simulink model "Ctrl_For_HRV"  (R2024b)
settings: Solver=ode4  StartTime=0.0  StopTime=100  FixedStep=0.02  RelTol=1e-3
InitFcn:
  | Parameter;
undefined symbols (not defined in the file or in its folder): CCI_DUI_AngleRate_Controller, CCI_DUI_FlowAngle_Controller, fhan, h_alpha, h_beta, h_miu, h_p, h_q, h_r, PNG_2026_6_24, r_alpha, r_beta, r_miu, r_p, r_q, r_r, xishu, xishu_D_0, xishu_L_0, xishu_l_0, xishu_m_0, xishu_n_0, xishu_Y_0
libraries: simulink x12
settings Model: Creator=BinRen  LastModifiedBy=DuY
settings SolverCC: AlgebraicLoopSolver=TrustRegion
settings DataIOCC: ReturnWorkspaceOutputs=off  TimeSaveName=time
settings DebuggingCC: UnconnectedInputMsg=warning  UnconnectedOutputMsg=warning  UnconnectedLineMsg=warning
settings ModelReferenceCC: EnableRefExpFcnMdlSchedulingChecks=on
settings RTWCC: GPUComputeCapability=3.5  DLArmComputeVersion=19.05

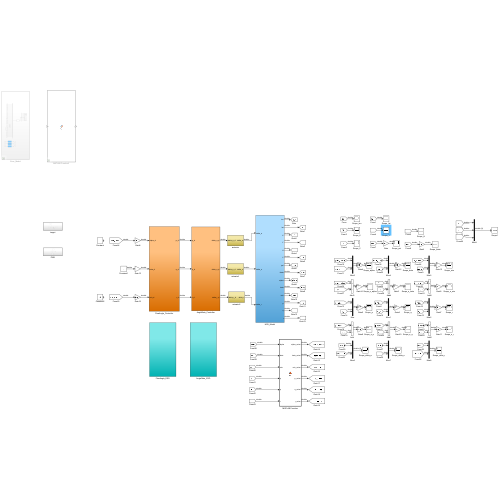
[thumbnail: Simulink's stored preview of the top-level diagram]
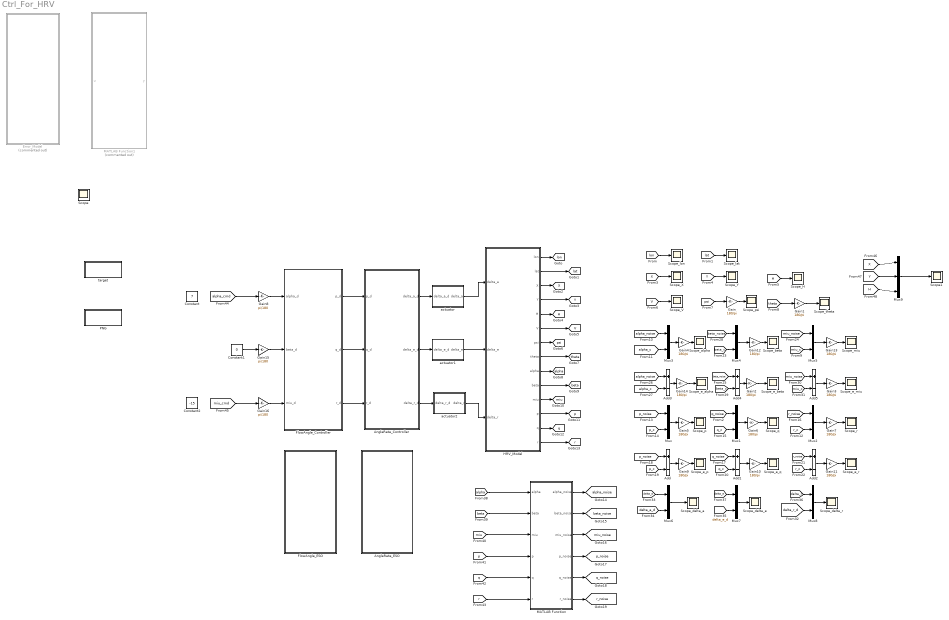
== system Ctrl_For_HRV ==
  Add{,1..5} (6 alike) : Sum  Inputs=+-
  AngleRate_Controller : Subsystem
  AngleRate_ESO : Subsystem
  Constant : Constant  Value=7  SampleTime=-1
  Constant1 : Constant  Value=0  SampleTime=-1
  Constant2 : Constant  Value=-15  SampleTime=-1
  Error_Model : Subsystem  Commented=on
  FlowAngle_Controller : Subsystem
  FlowAngle_ESO : Subsystem
  Gain{,1..7,9..14} (14 alike) : Gain  Gain=180/pi
  Gain15 : Gain  Gain=pi/180
  Gain16 : Gain  Gain=pi/180
  Gain8 : Gain  Gain=pi/180
  HRV_Model : Subsystem
  MATLAB Function : MATLAB Function  TreatAsAtomicUnit=on
  MATLAB Function1 : MATLAB Function  Commented=on  TreatAsAtomicUnit=on
  Mux{,1..8} (9 alike) : Mux  Inputs=2
  Mux9 : Mux  Inputs=3
  PNG : Subsystem
  Scope1 : Scope
  Scope_H : Scope
  Scope_V : Scope
  Scope_X : Scope
  Scope_Y : Scope
  Scope_alpha : Scope
  Scope_beta : Scope
  Scope_delta_a : Scope
  Scope_delta_e : Scope
  Scope_delta_r : Scope
  Scope_e_alpha : Scope
  Scope_e_beta : Scope
  Scope_e_miu : Scope
  Scope_e_p : Scope
  Scope_e_q : Scope
  Scope_e_r : Scope
  Scope_lat : Scope
  Scope_lon : Scope
  Scope_miu : Scope
  Scope_p : Scope
  Scope_psi : Scope
  Scope_q : Scope
  Scope_r : Scope
  Scope_theta : Scope
  actuator : Subsystem
  actuator1 : Subsystem
  actuator2 : Subsystem
  target : Subsystem
  Scope : Scope
  tag scope: H=global, V=global, X=global, Y=global, alpha=global, alpha_noise=global, beta=global, beta_noise=global, lat=global, lon=global, miu=global, miu_noise=global, p=global, p_noise=global, psi=global, q=global, q_noise=global, r=global, r_noise=global, theta=global
  wires:
  HRV_Model/1(lon) -> [lon]
  HRV_Model/2(lat) -> [lat]
  HRV_Model/4(Y) -> [Y]
  HRV_Model/3(X) -> [X]
  HRV_Model/7(psi) -> [psi]
  HRV_Model/8(theta) -> [theta]
  HRV_Model/6(V) -> [V]
  HRV_Model/5(H) -> [H]
  HRV_Model/13(q) -> [q]
  HRV_Model/14(r) -> [r]
  HRV_Model/11(miu) -> [miu]
  HRV_Model/12(p) -> [p]
  HRV_Model/10(beta) -> [beta]
  HRV_Model/9(alpha) -> [alpha]
  [lon] -> Scope_lon/1
  [lat] -> Scope_lat/1
  [H] -> Scope_H/1
  [Y] -> Scope_Y/1
  [X] -> Scope_X/1
  [V] -> Scope_V/1
  [psi] -> Gain/1
  Gain/1 -> Scope_psi/1
  Gain1/1 -> Scope_theta/1
  [theta] -> Gain1/1
  Gain5/1 -> Scope_p/1
  Gain6/1 -> Scope_q/1
  Gain7/1 -> Scope_r/1
  actuator/1(delta_a) -> HRV_Model/1(delta_a)
  actuator1/1(delta_e) -> HRV_Model/2(delta_e)
  actuator2/1(delta_r) -> HRV_Model/3(delta_r)
  AngleRate_Controller/2(delta_e_d) -> actuator1/1(delta_e_d)
  [p_noise] -> Mux/1
  Mux/1 -> Gain5/1
  [p_c] -> Mux/2
  [q_c] -> Mux1/2
  [q_noise] -> Mux1/1
  Mux1/1 -> Gain6/1
  Mux2/1 -> Gain7/1
  [r_noise] -> Mux2/1
  [r_c] -> Mux2/2
  Gain11/1 -> Scope_e_r/1
  Gain10/1 -> Scope_e_q/1
  Gain9/1 -> Scope_e_p/1
  [p_c] -> Add/2
  [p_noise] -> Add/1
  Add/1 -> Gain9/1
  Add1/1 -> Gain10/1
  [q_noise] -> Add1/1
  [q_c] -> Add1/2
  [r_c] -> Add2/2
  [r_noise] -> Add2/1
  Add2/1 -> Gain11/1
  Add5/1 -> Gain3/1
  [miu_noise] -> Add5/1
  [miu_c] -> Add5/2
  [beta_c] -> Add4/2
  [beta_noise] -> Add4/1
  Add4/1 -> Gain2/1
  Add3/1 -> Gain14/1
  [alpha_noise] -> Add3/1
  [alpha_c] -> Add3/2
  Gain14/1 -> Scope_e_alpha/1
  Gain2/1 -> Scope_e_beta/1
  Gain3/1 -> Scope_e_miu/1
  [miu_c] -> Mux5/2
  [miu_noise] -> Mux5/1
  Mux5/1 -> Gain13/1
  Mux4/1 -> Gain12/1
  [beta_noise] -> Mux4/1
  [beta_c] -> Mux4/2
  [alpha_c] -> Mux3/2
  Mux3/1 -> Gain4/1
  [alpha_noise] -> Mux3/1
  Gain13/1 -> Scope_miu/1
  Gain12/1 -> Scope_beta/1
  Gain4/1 -> Scope_alpha/1
  Gain8/1 -> FlowAngle_Controller/1(alpha_d)
  [delta_r_d] -> Mux8/2
  [delta_r] -> Mux8/1
  [delta_e] -> Mux7/1
  [delta_e_d] -> Mux7/2
  [delta_a_d] -> Mux6/2
  [delta_a] -> Mux6/1
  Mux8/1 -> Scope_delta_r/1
- - - - - - -
* What you have to do
Above are some records; copy each line there that contains "Function".

* Answer space
  MATLAB Function : MATLAB Function  TreatAsAtomicUnit=on
  MATLAB Function1 : MATLAB Function  Commented=on  TreatAsAtomicUnit=on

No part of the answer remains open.